N'étant pas totalement remis de son manque cruel de sommeil et de l'alcool ingurgité, sans compter les joints, elle somnola la tête appuyée contre la vitre, ses écouteurs enfoncées dans les oreilles diffusant du reggae. Le trajet fut long car Vanessa déposa d'abord Elicia à l'école primaire puis direction l'Institut pour les autres petits monstres où lycéens et collégiens se côtoyaient avec dédain pour les premiers, fascination pour les deuxièmes. Ce n'était pas courant pour des enfants en famille d'accueil de fréquenter l'école privée du coin. Mais Vanessa et Bly ne lésinait quand il s'agissait de prendre soin des enfants qu'ils avaient à leur charge. Puis ils en avaient largement les moyens.
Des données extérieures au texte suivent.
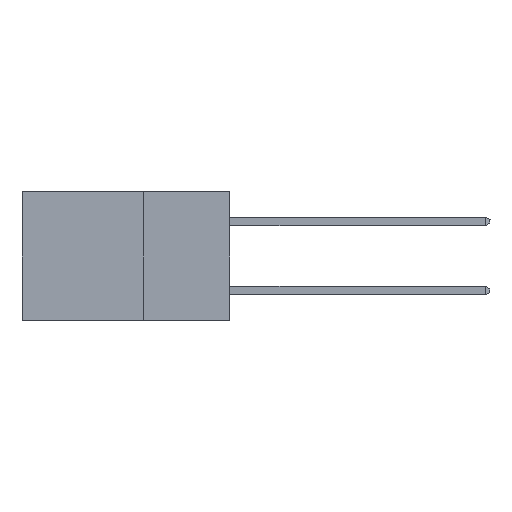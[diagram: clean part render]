
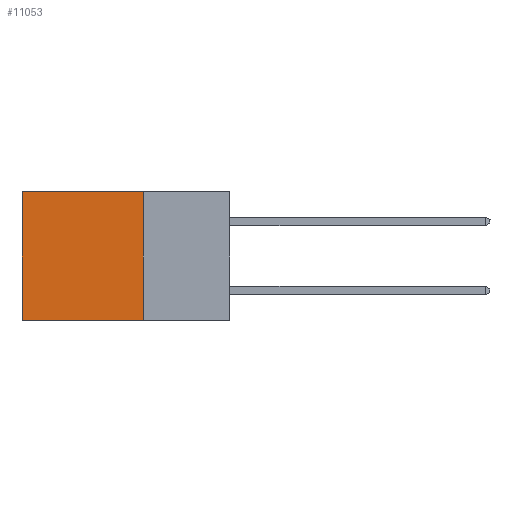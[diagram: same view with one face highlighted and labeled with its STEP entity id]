
A CAD part, left-side view. The second image highlights one B-rep face of the part: STEP entity #11053.
In plain terms, the highlighted planar face has unit normal (-1, 0, 0).
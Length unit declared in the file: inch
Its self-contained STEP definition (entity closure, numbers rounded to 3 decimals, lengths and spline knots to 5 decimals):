
#39 = VECTOR ( 'NONE', #3469, 39.37008 ) ;
#403 = AXIS2_PLACEMENT_3D ( 'NONE', #12553, #14353, #14237 ) ;
#439 = VERTEX_POINT ( 'NONE', #6275 ) ;
#1541 = EDGE_CURVE ( 'NONE', #16610, #2333, #5161, .T. ) ;
#2194 = PLANE ( 'NONE',  #403 ) ;
#2333 = VERTEX_POINT ( 'NONE', #18148 ) ;
#3469 = DIRECTION ( 'NONE',  ( 0., 1., 0. ) ) ;
#3829 = EDGE_CURVE ( 'NONE', #439, #16610, #11002, .T. ) ;
#3862 = CARTESIAN_POINT ( 'NONE',  ( 0.2615, 0.25, -0.37 ) ) ;
#3943 = DIRECTION ( 'NONE',  ( 0., 1., 0. ) ) ;
#4400 = VERTEX_POINT ( 'NONE', #7198 ) ;
#4654 = VECTOR ( 'NONE', #5961, 39.37008 ) ;
#5161 = LINE ( 'NONE', #12095, #39 ) ;
#5510 = ORIENTED_EDGE ( 'NONE', *, *, #18398, .T. ) ;
#5666 = ORIENTED_EDGE ( 'NONE', *, *, #1541, .F. ) ;
#5961 = DIRECTION ( 'NONE',  ( 0., 0., -1. ) ) ;
#6275 = CARTESIAN_POINT ( 'NONE',  ( 0.2615, 0.25, 0. ) ) ;
#7198 = CARTESIAN_POINT ( 'NONE',  ( 0.2615, 0.6, 0. ) ) ;
#7940 = VECTOR ( 'NONE', #3943, 39.37008 ) ;
#9016 = FACE_OUTER_BOUND ( 'NONE', #20861, .T. ) ;
#10972 = CARTESIAN_POINT ( 'NONE',  ( 0.2615, 0.25, -0.37 ) ) ;
#11002 = LINE ( 'NONE', #3862, #12729 ) ;
#11053 = ADVANCED_FACE ( 'NONE', ( #9016 ), #2194, .F. ) ;
#12095 = CARTESIAN_POINT ( 'NONE',  ( 0.2615, 0.25, -0.37 ) ) ;
#12553 = CARTESIAN_POINT ( 'NONE',  ( 0.2615, 0.25, -0.37 ) ) ;
#12698 = DIRECTION ( 'NONE',  ( 0., 0., -1. ) ) ;
#12729 = VECTOR ( 'NONE', #12698, 39.37008 ) ;
#14237 = DIRECTION ( 'NONE',  ( 0., 0., -1. ) ) ;
#14353 = DIRECTION ( 'NONE',  ( 1., 0., 0. ) ) ;
#16129 = ORIENTED_EDGE ( 'NONE', *, *, #20740, .T. ) ;
#16172 = ORIENTED_EDGE ( 'NONE', *, *, #3829, .F. ) ;
#16610 = VERTEX_POINT ( 'NONE', #10972 ) ;
#16702 = LINE ( 'NONE', #21685, #4654 ) ;
#18148 = CARTESIAN_POINT ( 'NONE',  ( 0.2615, 0.6, -0.37 ) ) ;
#18398 = EDGE_CURVE ( 'NONE', #439, #4400, #19470, .T. ) ;
#19470 = LINE ( 'NONE', #19864, #7940 ) ;
#19864 = CARTESIAN_POINT ( 'NONE',  ( 0.2615, 0.25, 0. ) ) ;
#20740 = EDGE_CURVE ( 'NONE', #4400, #2333, #16702, .T. ) ;
#20861 = EDGE_LOOP ( 'NONE', ( #16129, #5666, #16172, #5510 ) ) ;
#21685 = CARTESIAN_POINT ( 'NONE',  ( 0.2615, 0.6, -0.37 ) ) ;
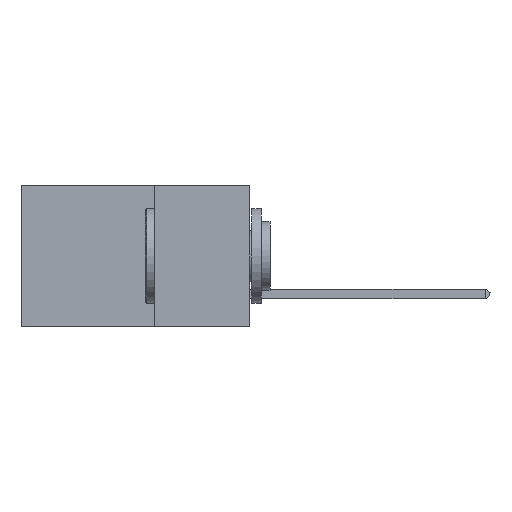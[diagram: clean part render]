
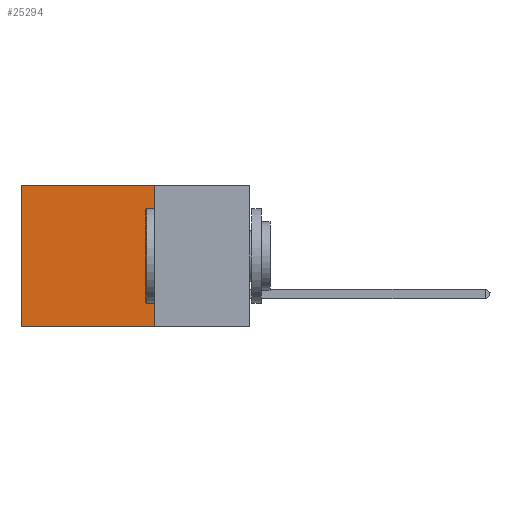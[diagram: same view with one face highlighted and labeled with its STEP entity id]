
A CAD part, left-side view. The second image highlights one B-rep face of the part: STEP entity #25294.
In plain terms, the highlighted planar face has unit normal (-1, 0, 0).
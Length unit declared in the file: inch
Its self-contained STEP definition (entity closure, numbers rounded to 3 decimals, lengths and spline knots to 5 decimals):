
#334 = CARTESIAN_POINT ( 'NONE',  ( 0.2875, 0.25, -0.37 ) ) ;
#1573 = DIRECTION ( 'NONE',  ( 0., 0., -1. ) ) ;
#3000 = FACE_OUTER_BOUND ( 'NONE', #3135, .T. ) ;
#3135 = EDGE_LOOP ( 'NONE', ( #7159, #15952, #34260, #23566 ) ) ;
#3623 = DIRECTION ( 'NONE',  ( 0., 0., -1. ) ) ;
#5262 = VECTOR ( 'NONE', #3623, 39.37008 ) ;
#7159 = ORIENTED_EDGE ( 'NONE', *, *, #38670, .T. ) ;
#8584 = VERTEX_POINT ( 'NONE', #22846 ) ;
#9438 = DIRECTION ( 'NONE',  ( 0., 1., 0. ) ) ;
#11205 = VECTOR ( 'NONE', #39071, 39.37008 ) ;
#12431 = EDGE_CURVE ( 'NONE', #28414, #37998, #23327, .T. ) ;
#12444 = AXIS2_PLACEMENT_3D ( 'NONE', #20201, #26521, #23235 ) ;
#14507 = PLANE ( 'NONE',  #12444 ) ;
#15952 = ORIENTED_EDGE ( 'NONE', *, *, #12431, .F. ) ;
#16152 = LINE ( 'NONE', #37534, #34101 ) ;
#19298 = VERTEX_POINT ( 'NONE', #38260 ) ;
#20201 = CARTESIAN_POINT ( 'NONE',  ( 0.2875, 0.25, 0. ) ) ;
#20670 = EDGE_CURVE ( 'NONE', #19298, #28414, #16152, .T. ) ;
#21326 = LINE ( 'NONE', #27490, #5262 ) ;
#22846 = CARTESIAN_POINT ( 'NONE',  ( 0.2875, 0.6, 0. ) ) ;
#23235 = DIRECTION ( 'NONE',  ( 0., 0., -1. ) ) ;
#23327 = LINE ( 'NONE', #334, #24264 ) ;
#23566 = ORIENTED_EDGE ( 'NONE', *, *, #34945, .T. ) ;
#24264 = VECTOR ( 'NONE', #9438, 39.37008 ) ;
#25294 = ADVANCED_FACE ( 'NONE', ( #3000 ), #14507, .F. ) ;
#26521 = DIRECTION ( 'NONE',  ( 1., 0., 0. ) ) ;
#26792 = CARTESIAN_POINT ( 'NONE',  ( 0.2875, 0.25, 0. ) ) ;
#27490 = CARTESIAN_POINT ( 'NONE',  ( 0.2875, 0.6, 0. ) ) ;
#27740 = LINE ( 'NONE', #26792, #11205 ) ;
#28414 = VERTEX_POINT ( 'NONE', #38069 ) ;
#34101 = VECTOR ( 'NONE', #1573, 39.37008 ) ;
#34260 = ORIENTED_EDGE ( 'NONE', *, *, #20670, .F. ) ;
#34945 = EDGE_CURVE ( 'NONE', #19298, #8584, #27740, .T. ) ;
#37148 = CARTESIAN_POINT ( 'NONE',  ( 0.2875, 0.6, -0.37 ) ) ;
#37534 = CARTESIAN_POINT ( 'NONE',  ( 0.2875, 0.25, 0. ) ) ;
#37998 = VERTEX_POINT ( 'NONE', #37148 ) ;
#38069 = CARTESIAN_POINT ( 'NONE',  ( 0.2875, 0.25, -0.37 ) ) ;
#38260 = CARTESIAN_POINT ( 'NONE',  ( 0.2875, 0.25, 0. ) ) ;
#38670 = EDGE_CURVE ( 'NONE', #8584, #37998, #21326, .T. ) ;
#39071 = DIRECTION ( 'NONE',  ( 0., 1., 0. ) ) ;

Bly était pâtissier, mais il n'avait pas n'importe quels clients. Tous les nantis de Malibu et de ses environs se battaient pour ses préparations. Vanessa, quand à elle, était styliste. Son rayon c'était les maillots de bain, les combinaisons de surf, de plongée, bref tous les éléments se rapportant à la plage. Inutile de dire qu'ici à Malibu, c'était le genre de chose qui cartonnait. Autrement dit, le couple pouvait largement s'occuper de 6 gamins sans attendre quoi que ce soit de l'État.

Rory n'attendit même pas que Vanessa se gara pour sauter à terre et s'en aller après un signe bref de la main. La mère de famille la suivit du regard jusqu'à ce qu'elle se perde dans la foule d'adolescents amassés sur la cour. Elle soupira lourdement puis fit des petites recommandations d'usage au reste de la bande. Les jumelles hochèrent la tête d'un air ennuyé mais Marvin et Evan écoutèrent avec la plus grande attention surtout Evan vu que c'était sa première année au collège.

Étant à des miles de toute cette ringardise comme elle aimait le dire, Rory entra dans l'immense bâtiment avec la façade en marbre, son emploi du temps en main et la clé de son nouveau casier. Son sac en toile noir accroché à son épaule, elle s'en alla d'un pas raide esquivant le plus possible les contacts avec les autres adolescents.

Parmi tout ce lot, elle vit des visages familiers comme Patricia Mayfair, la cousine de Tyler Chester, sa première amie ici, ainsi que des visages inconnus, des nouveaux ou des gens n'ayant jamais croisé sa route jusqu'ici. Elle trouva finalement son casier, le 315 sur sa gauche. Elle sortit son trousseau de clés mais se fit bousculer au même moment.

Son visage heurta le métal froid avec fracas provoquant quelques ricanements. Elle eut tout juste le temps d'apercevoir le dos d'Hugo qui ne se retourna même pas avant qu'il ne disparaisse dans un tournant. Elle ravala l'insulte qui menaçait de jaillir de sa gorge, se frotta le front endolori puis revint à sa tâche. Très mature Cerbère, grommela-t-elle entre ses dents.

Le casier s'ouvrit enfin, par chance cette année, elle n'avait pas hérité de celui d'un négligent qui ne l'avait pas vidé à la fin de l'année scolaire. Elle pût déposer ses livres de cours, fatiguée d'avance de cette année scolaire. Des fois, elle donnerait tout pour être invisible, passer inaperçue. Toute cette attention malsaine l'épuisait et la rendait encore plus irritable qu'elle ne l'était déjà. Mais quand on était une jeune métisse venant du ghetto et amputée d'une jambe c'était difficile de passer inaperçue.